A violência, seja qual for, foi sempre para mim uma forma esbugalhada de estupidez humana. Impotente para dominar e reformar a sua própria atitude para com a vida, que é tudo, ou o seu próprio ser, que é quase tudo, o homem foge para querer modificar os outros e o mundo externo. Nada me pesa tanto no desgosto como as palavras sociais de moral. Vi, em pratos fingidos, manjares fingidos para mesas de bonecas. O governo assenta em duas coisas: O mal desses termos lantejoulados é que nem refreiam nem enganam.

Embebedam, quando muito, e isso é outra coisa. Se alguma coisa odeio, é um reformador. Quase me culpo de estar escrevendo estas meias reflexões nesta hora em que dos confins da tarde sobe, colorindo-se, uma brisa ligeira.
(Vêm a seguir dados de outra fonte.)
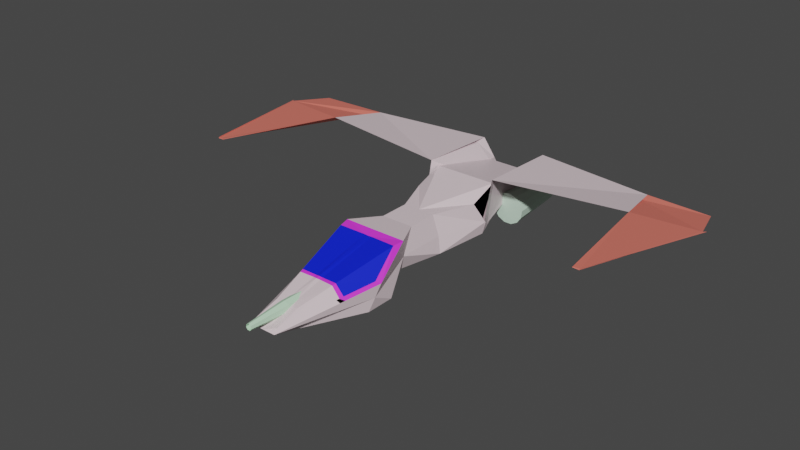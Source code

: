 # Source: emenyModel.blend  (saved by Blender 2.90.8; exported with 4.5.12 LTS)
import bpy
from mathutils import Matrix  # noqa: F401  (used for matrix-valued properties, if any)

bpy.ops.wm.read_factory_settings(use_empty=True)
scene = bpy.context.scene
scene.name = 'Scene'

# ---- collections
col_collection = bpy.data.collections.new('Collection'); scene.collection.children.link(col_collection)

# ---- materials (node trees are filled in below, after node groups)
mat_basematerial = bpy.data.materials.new('BaseMaterial')
mat_basematerial.alpha_threshold = 0.0
mat_basematerial.use_transparent_shadow = False
mat_basematerial.line_color = (0.0, 0.0, 0.0, 1.0)
mat_windowmaterial = bpy.data.materials.new('WindowMaterial')
mat_windowmaterial.use_transparent_shadow = False
mat_flyend = bpy.data.materials.new('FlyEnd')
mat_flyend.use_transparent_shadow = False
mat_sidecabbinematerial = bpy.data.materials.new('SideCabbineMaterial')
mat_sidecabbinematerial.use_transparent_shadow = False
mat_baseturbins = bpy.data.materials.new('BaseTurbins')
mat_baseturbins.use_transparent_shadow = False
mat_basegun = bpy.data.materials.new('baseGun')
mat_basegun.use_transparent_shadow = False
mat_basegun.diffuse_color = (0.5519, 0.8, 0.5814, 1.0)

# ---- material node trees
mat_basematerial.use_nodes = True; mat_basematerial.node_tree.nodes.clear()
_N = mat_basematerial.node_tree.nodes; _L = mat_basematerial.node_tree.links
n0 = _N.new('ShaderNodeOutputMaterial'); n0.name = 'Material Output'; n0.location = (300, 300)
n1 = _N.new('ShaderNodeBsdfPrincipled'); n1.name = 'Principled BSDF'; n1.location = (10, 300)
n1.distribution = 'GGX'
n1.subsurface_method = 'BURLEY'
n1.inputs[0].default_value = (0.8, 0.6558, 0.6983, 1.0)
n1.inputs[2].default_value = 0.4
n1.inputs[3].default_value = 1.45
n1.inputs[27].default_value = (0.0, 0.0, 0.0, 1.0)
n1.inputs[28].default_value = 1.0
_L.new(n1.outputs[0], n0.inputs[0])
n0.is_active_output = True
mat_windowmaterial.use_nodes = True; mat_windowmaterial.node_tree.nodes.clear()
_N = mat_windowmaterial.node_tree.nodes; _L = mat_windowmaterial.node_tree.links
n0 = _N.new('ShaderNodeBsdfPrincipled'); n0.name = 'Principled BSDF'; n0.location = (10, 300)
n0.distribution = 'GGX'
n0.subsurface_method = 'BURLEY'
n0.inputs[0].default_value = (0.002057, 0.01571, 0.8, 1.0)
n0.inputs[3].default_value = 1.45
n0.inputs[27].default_value = (0.0, 0.0, 0.0, 1.0)
n0.inputs[28].default_value = 1.0
n1 = _N.new('ShaderNodeOutputMaterial'); n1.name = 'Material Output'; n1.location = (300, 300)
_L.new(n0.outputs[0], n1.inputs[0])
n1.is_active_output = True
mat_flyend.use_nodes = True; mat_flyend.node_tree.nodes.clear()
_N = mat_flyend.node_tree.nodes; _L = mat_flyend.node_tree.links
n0 = _N.new('ShaderNodeBsdfPrincipled'); n0.name = 'Principled BSDF'; n0.location = (10, 300)
n0.distribution = 'GGX'
n0.subsurface_method = 'BURLEY'
n0.inputs[0].default_value = (0.8, 0.1831, 0.138, 1.0)
n0.inputs[3].default_value = 1.45
n0.inputs[27].default_value = (0.0, 0.0, 0.0, 1.0)
n0.inputs[28].default_value = 1.0
n1 = _N.new('ShaderNodeOutputMaterial'); n1.name = 'Material Output'; n1.location = (300, 300)
_L.new(n0.outputs[0], n1.inputs[0])
n1.is_active_output = True
mat_sidecabbinematerial.use_nodes = True; mat_sidecabbinematerial.node_tree.nodes.clear()
_N = mat_sidecabbinematerial.node_tree.nodes; _L = mat_sidecabbinematerial.node_tree.links
n0 = _N.new('ShaderNodeBsdfPrincipled'); n0.name = 'Principled BSDF'; n0.location = (10, 300)
n0.distribution = 'GGX'
n0.subsurface_method = 'BURLEY'
n0.inputs[0].default_value = (0.7745, 0.04333, 0.8, 1.0)
n0.inputs[3].default_value = 1.45
n0.inputs[27].default_value = (0.0, 0.0, 0.0, 1.0)
n0.inputs[28].default_value = 1.0
n1 = _N.new('ShaderNodeOutputMaterial'); n1.name = 'Material Output'; n1.location = (300, 300)
_L.new(n0.outputs[0], n1.inputs[0])
n1.is_active_output = True
mat_baseturbins.use_nodes = True; mat_baseturbins.node_tree.nodes.clear()
_N = mat_baseturbins.node_tree.nodes; _L = mat_baseturbins.node_tree.links
n0 = _N.new('ShaderNodeBsdfPrincipled'); n0.name = 'Principled BSDF'; n0.location = (10, 300)
n0.distribution = 'GGX'
n0.subsurface_method = 'BURLEY'
n0.inputs[0].default_value = (0.6103, 0.8, 0.6549, 1.0)
n0.inputs[3].default_value = 1.45
n0.inputs[27].default_value = (0.0, 0.0, 0.0, 1.0)
n0.inputs[28].default_value = 1.0
n1 = _N.new('ShaderNodeOutputMaterial'); n1.name = 'Material Output'; n1.location = (300, 300)
_L.new(n0.outputs[0], n1.inputs[0])
n1.is_active_output = True

# ---- world
world_world = bpy.data.worlds.new('World'); scene.world = world_world
world_world.use_nodes = True; world_world.node_tree.nodes.clear()
_N = world_world.node_tree.nodes; _L = world_world.node_tree.links
n0 = _N.new('ShaderNodeOutputWorld'); n0.name = 'World Output'; n0.location = (300, 300)
n1 = _N.new('ShaderNodeBackground'); n1.name = 'Background'; n1.location = (10, 300)
n1.inputs[0].default_value = (0.05088, 0.05088, 0.05088, 1.0)
_L.new(n1.outputs[0], n0.inputs[0])
n0.is_active_output = True
world_world.color = (0.05088, 0.05088, 0.05088)
world_world.use_sun_shadow = False
world_world.sun_shadow_jitter_overblur = 0.0

# ---- meshes
me_cube = bpy.data.meshes.new('Cube')
me_cube.from_pydata([(0.7675, 1.0, 0.3605), (0.2772, -1.0, -0.3902), (0.2772, -1.0, -0.85), (0.7675, -0.08718, 0.1847), (0.7675, -0.4669, -1.0), (0.6012, 0.4192, -0.7771), (0.3888, 0.4192, 0.1049), (-0.006763, 1.632, -0.6571), (0.4644, 1.577, 0.04408), (0.2965, -1.194, -0.5609), (0.8226, -0.4155, -0.3334), (0.5243, 0.4325, -0.391), (0.5525, 1.676, -0.0213), (0.7675, 0.7556, 0.1049), (0.9029, 0.8499, -0.391), (0.8481, 0.9458, 0.5219), (0.8313, 1.566, 0.3859), (0.0, -1.0, -0.3902), (0.0, -1.0, -0.85), (0.0, -0.4669, -1.0), (0.0, -0.08881, 0.1847), (0.0, 0.4192, 0.1049), (0.0, 1.332, -0.8023), (0.0, -1.237, -0.641), (0.0, 1.0, 0.3605), (0.0, 1.577, 0.04408), (0.0, 1.551, -0.5267), (0.3888, 0.1639, 0.1049), (0.3255, -0.02753, -0.7771), (0.5243, 0.01956, -0.391), (0.0, 0.1639, 0.1049), (0.0, -0.02753, -0.8023), (5.721, 1.109, 0.6734), (5.364, 1.438, 0.5377), (5.66, 1.083, 0.683), (4.088, 1.038, 0.6659), (4.143, 1.19, 0.4884), (3.792, 1.516, 0.4614), (3.751, 1.444, 0.4161), (4.822, -0.05321, 0.9497), (4.817, -0.05562, 0.9236), (4.667, -0.0599, 0.9361), (4.673, -0.05666, 0.9431), (0.7211, -0.1764, 0.1612), (0.088, -0.1616, 0.1378), (0.9029, -0.3866, -0.391), (0.3261, -1.237, -0.641), (0.088, -1.0, -0.3902), (0.088, -1.177, -0.5771), (0.6448, -0.6785, -0.4103), (0.088, -0.6768, -0.1867), (0.4491, -0.681, -0.1766), (0.0, -0.6816, -0.172), (0.0, -0.1653, 0.1387), (0.6731, -0.7255, -0.4906), (0.6051, -0.7372, -0.4275), (0.088, -0.7028, -0.2031), (0.4328, -0.7112, -0.1969), (0.6215, -0.713, -0.4204), (0.7675, -0.2239, -1.0), (0.7403, -0.6264, -0.4615), (0.836, -0.4263, -0.6918), (0.7029, -0.6816, -0.4777), (0.0, -0.7083, -0.1903), (0.8372, 1.662, 0.4338), (0.7675, 0.8322, -0.7136), (0.4644, 1.577, -0.2115), (0.7675, 0.7556, 0.1049), (0.9092, 0.8499, -0.391), (0.8481, 0.9458, 0.5219), (0.8372, 1.662, 0.4338), (4.088, 1.038, 0.6659), (3.792, 1.516, 0.4614), (0.8346, 0.851, -0.6984)], [], [(24, 21, 6, 13, 65, 0), (19, 4, 2, 18), (10, 43, 51, 49), (29, 27, 3, 45), (31, 28, 59, 4, 19), (26, 25, 8, 12), (24, 0, 8, 25), (28, 29, 45, 61, 59), (4, 61, 60, 62, 54, 46, 2), (14, 13, 6, 11), (15, 35, 71, 69), (16, 15, 7), (2, 46, 23, 18), (27, 30, 20, 3), (9, 1, 47, 48), (43, 44, 50, 51), (6, 21, 30, 27), (5, 11, 29, 28), (11, 6, 27, 29), (16, 7, 26, 12), (25, 26, 7, 22), (15, 16, 38, 35), (16, 12, 64, 37, 38), (28, 31, 22, 5), (42, 41, 40, 39), (34, 32, 39, 40), (35, 34, 40, 41), (36, 35, 41, 42), (44, 43, 3, 20), (43, 10, 45, 3), (10, 49, 60, 45), (9, 48, 23, 46), (48, 47, 17, 23), (47, 56, 63, 17), (51, 50, 56, 57), (49, 51, 57, 58), (52, 50, 44, 53), (53, 44, 20), (57, 56, 47, 1), (58, 57, 1, 9, 55), (60, 49, 58, 62), (59, 61, 4), (60, 61, 45), (63, 56, 50, 52), (69, 71, 72, 70), (13, 14, 68, 67), (0, 13, 67, 65), (8, 0, 65, 66), (37, 64, 70, 72), (68, 65, 67), (35, 38, 37, 33, 34), (5, 22, 7, 15, 69, 73, 68, 14, 11), (46, 54, 55, 9)])
me_cube.polygons.foreach_set('material_index', [0, 0, 1, 0, 0, 0, 0, 0, 0, 0, 0, 0, 0, 0, 0, 1, 0, 0, 0, 0, 0, 0, 0, 0, 2, 2, 2, 2, 3, 3, 3, 0, 0, 0, 3, 3, 1, 3, 0, 0, 3, 0, 0, 3, 0, 0, 0, 0, 0, 0, 2, 0, 0])
_uv = me_cube.uv_layers.new(name='UVMap')
_uv.uv.foreach_set('vector', [0.75, 0.5, 0.75, 0.5726, 0.625, 0.5726, 0.625, 0.5305, 0.0, 0.0, 0.0, 0.0, 0.25, 0.6834, 0.375, 0.6834, 0.375, 0.75, 0.25, 0.75, 0.5224, 0.6899, 0.6311, 0.6902, 0.6274, 0.7268, 0.5256, 0.7125, 0.5, 0.6284, 0.625, 0.6284, 0.625, 0.6834, 0.5, 0.6834, 0.25, 0.6284, 0.375, 0.6284, 0.375, 0.653, 0.375, 0.6834, 0.25, 0.6834, 0.5, 0.375, 0.625, 0.375, 0.625, 0.5, 0.5, 0.5, 0.75, 0.5, 0.625, 0.5, 0.625, 0.5, 0.75, 0.5, 0.375, 0.6284, 0.5, 0.6284, 0.5, 0.6834, 0.4383, 0.6834, 0.375, 0.653, 0.375, 0.6834, 0.4383, 0.6834, 0.5, 0.7022, 0.5, 0.7065, 0.5, 0.7099, 0.5, 0.75, 0.375, 0.75, 0.5, 0.5414, 0.625, 0.5305, 0.625, 0.5726, 0.5, 0.5726, 0.4438, 0.5, 0.4438, 0.5, 0.4438, 0.5, 0.4438, 0.5, 0.4366, 0.5, 0.4438, 0.5, 0.375, 0.5, 0.375, 0.75, 0.5, 0.75, 0.5, 0.875, 0.375, 0.875, 0.625, 0.6284, 0.75, 0.6284, 0.75, 0.6834, 0.625, 0.6834, 0.5319, 0.7569, 0.625, 0.75, 0.625, 0.8353, 0.5319, 0.8397, 0.6311, 0.6902, 0.7336, 0.6888, 0.7193, 0.7264, 0.6274, 0.7268, 0.625, 0.5726, 0.75, 0.5726, 0.75, 0.6284, 0.625, 0.6284, 0.375, 0.5726, 0.5, 0.5726, 0.5, 0.6284, 0.375, 0.6284, 0.5, 0.5726, 0.625, 0.5726, 0.625, 0.6284, 0.5, 0.6284, 0.4366, 0.5, 0.375, 0.5, 0.5, 0.375, 0.5, 0.5, 0.625, 0.375, 0.5, 0.375, 0.375, 0.5, 0.25, 0.5726, 0.4438, 0.5, 0.4366, 0.5, 0.4366, 0.5, 0.4438, 0.5, 0.4366, 0.5, 0.5, 0.5, 0.5, 0.5, 0.5, 0.5, 0.4366, 0.5, 0.375, 0.6284, 0.25, 0.6284, 0.25, 0.5726, 0.375, 0.5726, 0.5, 0.5, 0.4438, 0.5, 0.4438, 0.5, 0.5, 0.5, 0.0, 0.0, 0.0, 0.0, 0.0, 0.0, 0.0, 0.0, 0.4438, 0.5, 0.4438, 0.5, 0.4438, 0.5, 0.4438, 0.5, 0.5, 0.5, 0.4438, 0.5, 0.4438, 0.5, 0.5, 0.5, 0.7336, 0.6888, 0.6311, 0.6902, 0.625, 0.6834, 0.75, 0.6834, 0.6311, 0.6902, 0.5224, 0.6899, 0.5, 0.6834, 0.625, 0.6834, 0.5224, 0.6899, 0.5256, 0.7125, 0.5, 0.7022, 0.5, 0.6834, 0.5319, 0.7569, 0.5319, 0.8397, 0.5, 0.875, 0.5, 0.75, 0.5319, 0.8397, 0.625, 0.8353, 0.625, 0.875, 0.5, 0.875, 0.7103, 0.75, 0.7186, 0.7283, 0.75, 0.7268, 0.75, 0.75, 0.6274, 0.7268, 0.7193, 0.7264, 0.7186, 0.7283, 0.6271, 0.729, 0.5256, 0.7125, 0.6274, 0.7268, 0.6271, 0.729, 0.526, 0.7155, 0.75, 0.7247, 0.7193, 0.7264, 0.7336, 0.6888, 0.75, 0.6887, 0.75, 0.6887, 0.7336, 0.6888, 0.75, 0.6834, 0.6271, 0.729, 0.7186, 0.7283, 0.7103, 0.75, 0.625, 0.75, 0.526, 0.7155, 0.6271, 0.729, 0.625, 0.75, 0.5319, 0.7569, 0.5263, 0.7176, 0.5, 0.7022, 0.5256, 0.7125, 0.526, 0.7155, 0.5, 0.7065, 0.375, 0.653, 0.4383, 0.6834, 0.375, 0.6834, 0.5, 0.7022, 0.4383, 0.6834, 0.5, 0.6834, 0.75, 0.7268, 0.7186, 0.7283, 0.7193, 0.7264, 0.75, 0.7247, 0.4438, 0.5, 0.4438, 0.5, 0.5, 0.5, 0.5, 0.5, 0.625, 0.5305, 0.5, 0.5414, 0.5, 0.5414, 0.625, 0.5305, 0.0, 0.0, 0.0, 0.0, 0.0, 0.0, 0.0, 0.0, 0.625, 0.5, 0.625, 0.5, 0.625, 0.5, 0.625, 0.5, 0.5, 0.5, 0.5, 0.5, 0.5, 0.5, 0.5, 0.5, 0.5, 0.5414, 0.0, 0.0, 0.625, 0.5305, 0.4438, 0.5, 0.4366, 0.5, 0.5, 0.5, 0.5, 0.5, 0.4438, 0.5, 0.375, 0.5726, 0.25, 0.5726, 0.375, 0.5, 0.4438, 0.5, 0.4438, 0.5, 0.0, 0.0, 0.5, 0.5414, 0.5, 0.5414, 0.5, 0.5726, 0.5, 0.75, 0.5, 0.7099, 0.5263, 0.7176, 0.5319, 0.7569])
me_cube.materials.append(mat_basematerial)
me_cube.materials.append(mat_windowmaterial)
me_cube.materials.append(mat_flyend)
me_cube.materials.append(mat_sidecabbinematerial)
me_cube.use_remesh_preserve_volume = False
me_cube.use_remesh_preserve_attributes = False
me_cube.use_mirror_vertex_groups = False
me_cube.update()
me_cylinder = bpy.data.meshes.new('Cylinder')
me_cylinder.from_pydata([(1.212e-07, 0.4266, -1.274), (0.0, 0.64, 1.83), (0.2218, 0.3719, -1.274), (0.2974, 0.5667, 1.83), (0.3928, 0.2204, -1.274), (0.5267, 0.3636, 1.83), (0.4738, 0.006816, -1.274), (0.6353, 0.07714, 1.83), (0.4463, -0.22, -1.274), (0.5984, -0.2269, 1.83), (0.3165, -0.408, -1.274), (0.4244, -0.479, 1.83), (0.1142, -0.5142, -1.274), (0.1532, -0.6214, 1.83), (-0.1142, -0.5142, -1.274), (-0.1532, -0.6214, 1.83), (-0.3165, -0.408, -1.274), (-0.4244, -0.479, 1.83), (-0.4463, -0.22, -1.274), (-0.5984, -0.2269, 1.83), (-0.4738, 0.006816, -1.274), (-0.6353, 0.07714, 1.83), (-0.3928, 0.2204, -1.274), (-0.5267, 0.3636, 1.83), (-0.2218, 0.3719, -1.274), (-0.2974, 0.5667, 1.83)], [], [(0, 1, 3, 2), (2, 3, 5, 4), (4, 5, 7, 6), (6, 7, 9, 8), (8, 9, 11, 10), (10, 11, 13, 12), (12, 13, 15, 14), (14, 15, 17, 16), (16, 17, 19, 18), (18, 19, 21, 20), (20, 21, 23, 22), (3, 1, 25, 23, 21, 19, 17, 15, 13, 11, 9, 7, 5), (22, 23, 25, 24), (24, 25, 1, 0), (0, 2, 4, 6, 8, 10, 12, 14, 16, 18, 20, 22, 24)])
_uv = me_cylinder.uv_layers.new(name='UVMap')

A imagem é absurda, justo o seu sentido. Narrar é criar, pois viver é apenas ser vivido. E cada um de nós, se deveras se conhece, quer ser rei do mundo. Por isso senti sempre os movimentos humanos — as grandes tragédias coletivas da história ou do que dela fazem — como frisos coloridos, vazios da alma dos que passam neles.

Nem sequer estavam suficientemente sujos. O que sofre sofre só. Que falta de humanidade e de dor! Eram reais e portanto incríveis. Decorriam como lixo num rio, no rio da vida. Tive sono de vê-los, nauseado e supremo. O gato espoja-se ao sol e dorme ali. O homem espoja-se à vida, com todas as suas complexidades, e dorme ali.

Nem um nem outro se liberta da lei fatal de ser como é. Nenhum tenta levantar o peso de ser. Refiro-me aos místicos e aos ascetas — aos remotos de todos os Tibetes, aos Simões Estilitas de todas as colunas. Estes, ainda que no absurdo, tentam, de fato, libertar-se da lei animal.

Estes, ainda que na loucura, tentam, de fato, negar a lei da vida, o espojar-se ao sol e o aguardar da morte sem pensar nela. Serei sempre da Rua dos Douradores, como a humanidade inteira. Serei sempre, em verso ou prosa, empregado de carteira. Cada dia é o dia que é, e nunca houve outro igual no mundo. O mundo é coisas destacadas e arestas diferentes; mas, se somos míopes, é resumo do livro romeu e julieta névoa insuficiente e contínua.

O meu desejo é fugir. Fugir ao que conheço, fugir ao que é meu, fugir ao que amo. Quero repousar, alheio, do meu fingimento orgânico. Uma cabana à beira-mar, uma caverna, até, no socalco rugoso de uma serra, me pode dar isto. Eu mesmo, que acabo de dizer que desejaria a cabana ou caverna onde estivesse livre da monotonia de tudo, que é a de mim, ousaria eu partir para essa cabana ou caverna, sabendo, por conhecimento, que, pois que a monotonia é de mim, a haveria sempre de ter comigo?

O que me dói é que o melhor é mau, e que outro, se o houvesse, e que eu sonho, o haveria feito melhor.

Tudo quanto fazemos, na arte ou na vida, é a cópia imperfeita do que pensamos em fazer. E afinal, hoje, relendo, vejo rebentar meus bonecos, sair-lhes a palha pelos rasgos, despejarem-se sem ter sido…. Também fiquei contente, porque existo. Saí de casa para um grande fim, que era, afinal, chegar a horas ao escritório. Desci a rua descansadamente, cheio de certeza, porque, enfim, o escritório conhecido, a gente conhecida nele, eram certezas.

Nos cestos pousados à beira dos passeios da Rua da Prata as bananas de vender, sob o sol, eram de um amarelo grande.

2 Comentário

  1. Pietra:

    Ilustrações de Silvana Rando.

  2. Théo:

    Viver uma vida desapaixonada e culta, ao relento das ideias, lendo, sonhando, e pensando em escrever, uma vida suficientemente lenta para estar sempre à beira do tédio, bastante meditada para se nunca encontrar nele.